Model S 17-inch touchscreen. Image source: Tesla.

Compared to the rest of the auto industry, Tesla Motors (TSLA 1.85%) is a lot more vertically integrated than incumbent automakers. A recent Goldman Sachs report estimated that Tesla is now 80% vertically integrated. In contrast, traditional OEMs focus primarily on engine and powertrain development but outsource most of everything else, essentially becoming incredibly efficient systems integrators.

Is Tesla really pursuing the ultimate step in vertical integration?

Two peas in a pod
Earlier this week, reports surfaced that Tesla had a prominent chip-design specialist away from Apple (AAPL 0.64%). Peter Bannon has now joined Tesla as a director, leaving his position at the Mac maker where he helped design semiconductor architecture. Bannon had joined Apple when Apple acquired PA Semi way back in 2008.

This news comes after Tesla grabbed Jim Keller in January. Keller started PA Semi with Bannon, and together the two led the development of Apple's first A-chips, the A4 and A5. Keller had left Apple in 2012 to join AMD, where he served as the company's chief chip architect. Keller left AMD in September. Keller is now Tesla's vice president of Autopilot Hardware Engineering.

So now Tesla has some truly world-class silicon talent that are both legends in the realm of microprocessors. What could the electric automaker have in store?

All that and a bag of chips
The natural speculation is that Tesla is planning on designing its own chips. When asked directly about the hire on the last earnings conference call and whether or not Tesla could have custom silicon ambitions, Elon Musk expectedly dodged the question with a "no comment." But this is an insane notion.

Designing custom chip architectures is incredibly sophisticated and expensive, and Tesla's unit volumes are fairly modest compared to smartphones and tablets. Tesla sold 50,000 vehicles in 2015. Apple sold 281 million iPhones and iPads in 2015.

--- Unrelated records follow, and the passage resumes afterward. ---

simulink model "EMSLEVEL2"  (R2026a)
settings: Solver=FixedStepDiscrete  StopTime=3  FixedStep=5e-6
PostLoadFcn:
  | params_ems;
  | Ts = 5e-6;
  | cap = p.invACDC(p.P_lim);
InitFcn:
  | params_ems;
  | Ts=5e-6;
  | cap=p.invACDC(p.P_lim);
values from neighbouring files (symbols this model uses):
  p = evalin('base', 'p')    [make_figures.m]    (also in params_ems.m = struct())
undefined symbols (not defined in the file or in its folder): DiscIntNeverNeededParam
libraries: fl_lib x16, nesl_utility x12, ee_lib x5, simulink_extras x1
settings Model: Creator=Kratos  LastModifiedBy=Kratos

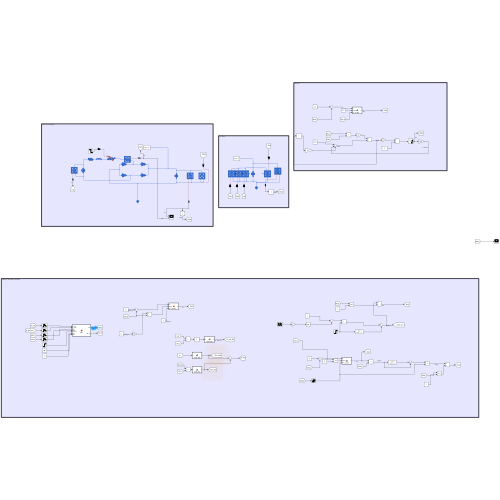
[thumbnail: Simulink's stored preview of the top-level diagram]
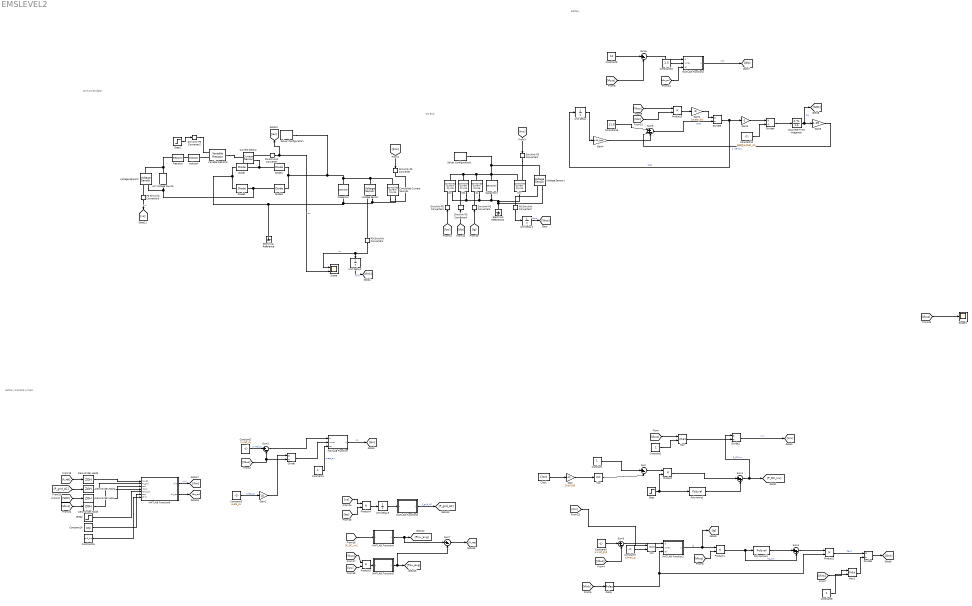
== system EMSLEVEL2 ==
  note: Battery and EMS system
  note: Battery
  note: Grid and Bridghe
  note: DC BUS
  AC Voltage Source : fl_lib/Electrical/Electrical Sources/AC Voltage Source  amp=p.Vgrid_pk V  shift=0 deg  frequency=50 Hz
  Capacitor : fl_lib/Electrical/Electrical Elements/Capacitor  c=p.C_link F  r=1e-6 Ohm  g=0 1/Ohm  i_specify=off  i_priority=None  i=0 A  i_nominal_specify=off  i_nominal_value=1  i_nominal_unit=A  v_specify=off  v_priority=None  v=0 V  v_nominal_specify=off  v_nominal_value=1  v_nominal_unit=V  vc_specify=off  vc_priority=High  vc=0 V  vc_nominal_specify=off  vc_nominal_value=1  vc_nominal_unit=V
  Capacitor1 : fl_lib/Electrical/Electrical Elements/Capacitor  c=p.C_bus F  r=1e-6 Ohm  g=0 1/Ohm  i_specify=off  i_priority=None  i=0 A  i_nominal_specify=off  i_nominal_value=1  i_nominal_unit=A  v_specify=on  v_priority=None  v=12.4 V  v_nominal_specify=off  v_nominal_value=1  v_nominal_unit=V  vc_specify=off  vc_priority=High  vc=0 V  vc_nominal_specify=off  vc_nominal_value=1  vc_nominal_unit=V
  Clock : simulink_extras/Flip Flops/Clock  period=2
  Constant{,1,4,8} (4 alike) : Constant
  Constant10 : Constant  Value=2.5
  Constant12 : Constant  Value=3600*p.Cbat_Ah
  Constant13 : Constant  Value=11.8
  Constant14 : Constant  Value=cap
  Constant15 : Constant  Value=p.P_lim
  Constant2 : Constant  Value=p.Vref_pv
  Constant3 : Constant  Value=p.eta_pv
  Constant5 : Constant  Value=p.Vref_grid
  Constant7 : Constant  Value=p.Imax_g
  Constant9 : Constant  Value=12
  Controlled Current Source1 : fl_lib/Electrical/Electrical Sources/Controlled Current Source
  Cos : Trigonometry  Operator=cos
  Current Sensor : fl_lib/Electrical/Electrical Sensors/Current Sensor
  Diode{,1..3} (4 alike) : ee_lib/Semiconductors & Converters/Diode  ModelType=ee.enum.diode.modelType.pwl  TableType=ee.enum.diode.tableType.IfMat  IfMat=[.07, .12, .19, 1.75, 4.24, 7.32, 11.2; .16, .3, .72, 2.14, 5.02, 8.35, 13.12] A  VfMat=[.9, 1.15, 1.25, 1.5, 1.75, 2.17, 2.6, 2.85; .58, .68, .75, 1.1, 1.38, 1.77, 2.27, 2.7] V  TjVec=[25, 125] degC  VfVec=[.5, .7, .9, 1.3, 1.7, 2.1, 2.5] V  IfVec=[.1, .2, .5, 1, 2, 4, 7, 10] A  IrMat=[1e-06, 2e-06, 5e-06, 1e-05, 2.5e-05, 5e-05, .0001; 2e-06, 5e-06, 1e-05, 4e-05, 8e-05, .0002, .0005] A  VrMat=[10, 100, 200, 250, 300, 325, 350; 10, 70, 160, 220, 270, 300, 320] V  VrVec=[10, 20, 40, 50, 70, 80, 100] V  IrVec=[1e-06, 2e-06, 5e-06, 1e-05, 2e-05, 5e-05, .0001] A  Vf=0.8 V  Ron=0.3 Ohm  Goff=1e-8 S  prmExp=ee.enum.diode.expParam.useTwo  I12=[.0137, .545] A  V12=[.6, .7] V  RS=0 Ohm  Tmeas=298.15 K  IS=1e-12 A  ec=1  I1=0.0137 A  V1=0.6 V  N_series=1  N_parallel=1  ZenerEnable=false  Rz=0.3 Ohm  BV=30 V  C_param=ee.enum.diode.capParam.fixed  CJ=0 pF  CJ0=5 pF  Vvec=[.1, 10, 100] V  Cvec=[3.5, 1, .4] pF  VJ=1 V  Mgrad=0.5  FC=0.5  Q_param=ee.enum.diode.recoveryParam.off  iRM=-7.15 A  iF=4 A  didt=-750 A/us  trr_factor=3  trr=115 ns  Qrr=150 nA*s  Vr=-600 V  Ls=150 nH  Erec=0.03 J  TT=50 ns  tau=100 ns  T_param=ee.enum.diode.temperatureParam.off  Tdevice=298.15 K  I1_T2=0.245 A  V1_T2=0.5 V  IS_T2=1.25e-7 A  Tmeas2=125 degC  XTI_param=ee.enum.diode.xtiParam.pn  XTI=3  EG_param=ee.enum.diode.egapParam.material_si  EG=1.11 eV  dBVdT=0 V/K  enable_fault_input=simscape.enum.onoff.off  i_specify=off  i_priority=None  i=0 A  i_nominal_specify=off  i_nominal_value=1  i_nominal_unit=A  v_specify=off  v_priority=None  v=0 V  v_nominal_specify=off  v_nominal_value=1  v_nominal_unit=V  v_capacitor_specify=off  v_capacitor_priority=None  v_capacitor=0 V  v_capacitor_nominal_specify=off  v_capacitor_nominal_value=1  v_capacitor_nominal_unit=V  Qj_specify=off  Qj_priority=High  Qj=0 C  Qj_nominal_specify=off  Qj_nominal_value=1  Qj_nominal_unit=C  i_diode_specify=off  i_diode_priority=None  i_diode=0 A  i_diode_nominal_specify=off  i_diode_nominal_value=1  i_diode_nominal_unit=A  v_diode_specify=off  v_diode_priority=None  v_diode=0 V  v_diode_nominal_specify=off  v_diode_nominal_value=1  v_diode_nominal_unit=V  i_capacitor_specify=off  i_capacitor_priority=None  i_capacitor=0 A  i_capacitor_nominal_specify=off  i_capacitor_nominal_value=1  i_capacitor_nominal_unit=A  fidelity_level=ee.enum.diode.fidelity.includeChargeDyn  rec_loss_model=ee.enum.diode.reverseRecoveryModelTabulateUpTo3D.fixed  ErecVal=0 J  scaleWithIandV=true  ErecMat=zeros(2, 3) J  ErecMat3D=zeros(2, 3, 2) J  TjrecVec=[298.15, 398.15] K  IfrecVec=[.1, 1, 10] A  IrecVal=10 A  VrecVal=10 V  VrecVec=[0, 100] V  tFilter=1 / 1000 / 100 s  thermal_network_parameterization=ee.enum.thermalNetworkTopology.junctionCase  Rth=[0, 10] K/W  Rth_Cauer=[1, 3, 10] K/W  Rth_Foster=[.08, .14, .22, .16] K/W  thermal_mass_parameterization=ee.enum.thermalNetwork.timeconstant  thermal_mass=[0, 1] J/K  thermal_mass_Cauer=[.1, .3, 1] J/K  thermal_mass_Foster=[.001, .005, .05, .5] J/K  thermal_time_constant=[0, 10] s  thermal_time_constant_Cauer=[1, 3, 10] s  thermal_time_constant_Foster=[7e-05, .0007, .01, .08] s  thermal_mass_initial_temperatures=[25, 25] degC  thermal_mass_initial_temperatures_Cauer=[25, 25, 25] degC  junction_thermal_mass=0.01 J/K  Tvec_initial_Foster=[25, 25, 25, 25] degC  no_thermal_network=0  junction_temperature_specify=off  junction_temperature_priority=None  junction_temperature=25 degC  junction_temperature_nominal_specify=off  junction_temperature_nominal_value=1  junction_temperature_nominal_unit=degC
  Discrete-Time Integrator : DiscreteIntegrator  InitialCondition=p.SOC0  SampleTime=Ts  LimitOutput=on  UpperSaturationLimit=1  LowerSaturationLimit=0  ICPrevOutput=DiscIntNeverNeededParam  ICPrevScaledInput=DiscIntNeverNeededParam
  Divide{,1..4} (5 alike) : Product  Inputs=*/
  Electrical Reference : fl_lib/Electrical/Electrical Elements/Electrical Reference
  Electrical Reference1 : fl_lib/Electrical/Electrical Elements/Electrical Reference
  Gain : Gain  Gain=2*pi*100
  Gain1 : Gain  Gain=10
  Gain2 : Gain  Gain=1/p.eta_dis
  Gain3 : Gain  Gain=-1
  Gain4 : Gain  Gain=p.R0_bat
  Gain5 : Gain  Gain=1.05
  Idis : fl_lib/Electrical/Electrical Sources/Controlled Current Source
  Ig : fl_lib/Electrical/Electrical Sources/Controlled Current Source
  Iinv : fl_lib/Electrical/Electrical Sources/Controlled Current Source
  Inductor : ee_lib/Passive/Inductor  l=p.L_src mH  enable_L_tol=ee.enum.toleranceApplication.none  L_tol=20  tol_distribution=ee.enum.toleranceDistribution.uniform  nSigma=4  r=0 Ohm  g=1e-9 1/Ohm  enable_operating_limits=ee.enum.enable.no  operating_limit_action=ee.enum.passive.reportOpLim.warn  max_working_current=1 A  power_rating=1 W  i_L_specify=off  i_L_priority=High  i_L=0 A  i_L_nominal_specify=off  i_L_nominal_value=1  i_L_nominal_unit=A
  Ipv : fl_lib/Electrical/Electrical Sources/Controlled Current Source
  MATLAB Function : MATLAB Function  TreatAsAtomicUnit=on
  MATLAB Function1 : MATLAB Function  TreatAsAtomicUnit=on
  MATLAB Function2 : MATLAB Function  TreatAsAtomicUnit=on
  MATLAB Function3 : MATLAB Function  TreatAsAtomicUnit=on
  MATLAB Function4 : MATLAB Function  TreatAsAtomicUnit=on
  MATLAB Function5 : MATLAB Function  TreatAsAtomicUnit=on
  MATLAB Function6 : MATLAB Function  TreatAsAtomicUnit=on
  Max : MinMax  Function=max  Inputs=2
  Max1 : MinMax  Function=max  Inputs=2
  Min : MinMax  Inputs=2
  PS-Simulink Converter{,1..3} (4 alike) : nesl_utility/PS-Simulink Converter  PhysicalDomain=network_engine_domain  SubClassName=ps_output  LeftPortType=input  RightPortType=output  PseudoPeriodic=off  Frequencies=[]  VectorFormat=inherit  Unit=inherit  AffineConversion=off
  Polynomial : Polyval  Coefs=[p.inv_k2 p.inv_k1 p.inv_P0]
  Polynomial1 : Polyval  Coefs=[p.fly_k2 p.fly_k1 p.fly_P0]
  Product{,1..5} (6 alike) : Product
  Relay : Relay  OnSwitchValue=200  OffSwitchValue=150
  Resistor : fl_lib/Electrical/Electrical Elements/Resistor  R=p.R_src Ohm  i_specify=off  i_priority=None  i=0 A  i_nominal_specify=off  i_nominal_value=1  i_nominal_unit=A  v_specify=off  v_priority=None  v=0 V  v_nominal_specify=off  v_nominal_value=1  v_nominal_unit=V
  Scope : Scope  NumInputPorts=2
      settings: ActiveDisplayYMinimum=170.24534351528209  ActiveDisplayYMaximum=357.03867982724347
  Scope1 : Scope
      settings: ActiveDisplayYMinimum=1.9466959018044792  ActiveDisplayYMaximum=13.161469029481562
  Simulink-PS Converter{,1..5} (6 alike) : nesl_utility/Simulink-PS Converter  PhysicalDomain=network_engine_domain  SubClassName=ps_input  LeftPortType=input  RightPortType=output  PseudoPeriodic=off  Frequencies=[]  NoiseDistribution=none  NoiseParameters=[]  Unit=1  AffineConversion=off  FilteringAndDerivatives=provide  SimscapeFilterOrder=1  InputFilterTimeConstant=0.001  UdotUserProvided=0
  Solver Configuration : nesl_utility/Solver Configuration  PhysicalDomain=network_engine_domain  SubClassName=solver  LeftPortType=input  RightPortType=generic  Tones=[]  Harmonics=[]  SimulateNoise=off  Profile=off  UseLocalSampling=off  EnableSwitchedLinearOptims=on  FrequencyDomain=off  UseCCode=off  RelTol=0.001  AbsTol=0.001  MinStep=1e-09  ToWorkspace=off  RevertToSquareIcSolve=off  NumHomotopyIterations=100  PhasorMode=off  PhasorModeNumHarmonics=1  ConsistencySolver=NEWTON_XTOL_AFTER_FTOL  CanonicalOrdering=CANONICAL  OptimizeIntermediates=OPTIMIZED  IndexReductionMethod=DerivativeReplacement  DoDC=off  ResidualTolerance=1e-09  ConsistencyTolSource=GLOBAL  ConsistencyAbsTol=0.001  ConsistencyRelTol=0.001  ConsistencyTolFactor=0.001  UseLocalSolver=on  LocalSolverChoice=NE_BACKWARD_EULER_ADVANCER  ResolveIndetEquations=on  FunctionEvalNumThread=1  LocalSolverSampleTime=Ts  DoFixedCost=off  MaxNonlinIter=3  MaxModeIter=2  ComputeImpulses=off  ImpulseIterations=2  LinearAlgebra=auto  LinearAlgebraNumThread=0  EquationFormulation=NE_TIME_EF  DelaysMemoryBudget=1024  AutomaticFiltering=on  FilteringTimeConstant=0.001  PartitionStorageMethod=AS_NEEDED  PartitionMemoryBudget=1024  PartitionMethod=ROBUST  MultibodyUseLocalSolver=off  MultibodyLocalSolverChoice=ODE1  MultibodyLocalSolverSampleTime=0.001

Even if you acknowledge that the Tesla Model S has at least two CPUs from NVIDIA (NVDA 3.65%) -- a Tegra 2 in the instrument cluster a Tegra 3 in the touchscreen head unit -- we're still talking about a limited application in terms of volume. Ideally, you'd want to be able to scale those hefty R&D expenses over a large unit base in order to reduce average costs per unit.

The benefits of a custom chip design are also uncertain in the context of an electric car. Apple took control of silicon design in order to tailor performance with power efficiency and take its differentiation to a new level. But microprocessor power efficiency is less critical in the context of an electric vehicle, since it has a massive battery and the primary power consumption comes from the drive unit. And displacing NVIDIA would also generate negligible cost savings, since the Tegra chips that Tesla uses are quite old at this point (it's not clear yet which NVIDIA chips are in Model X), particularly when we're talking about the bill of materials for a car that starts at $70,000.

Tesla is a tech company
It's worth pointing out that Keller and Bannon have extensive skill sets with silicon beyond designing custom microprocessor architecture, so it's entirely possible that Tesla will use those skills in a different, unforeseen way.

While traditional automakers continue to play catch-up in terms of technological features, Tesla could potentially leapfrog itself and broaden that tech gap even farther since it's apparently taking its silicon game to the next level.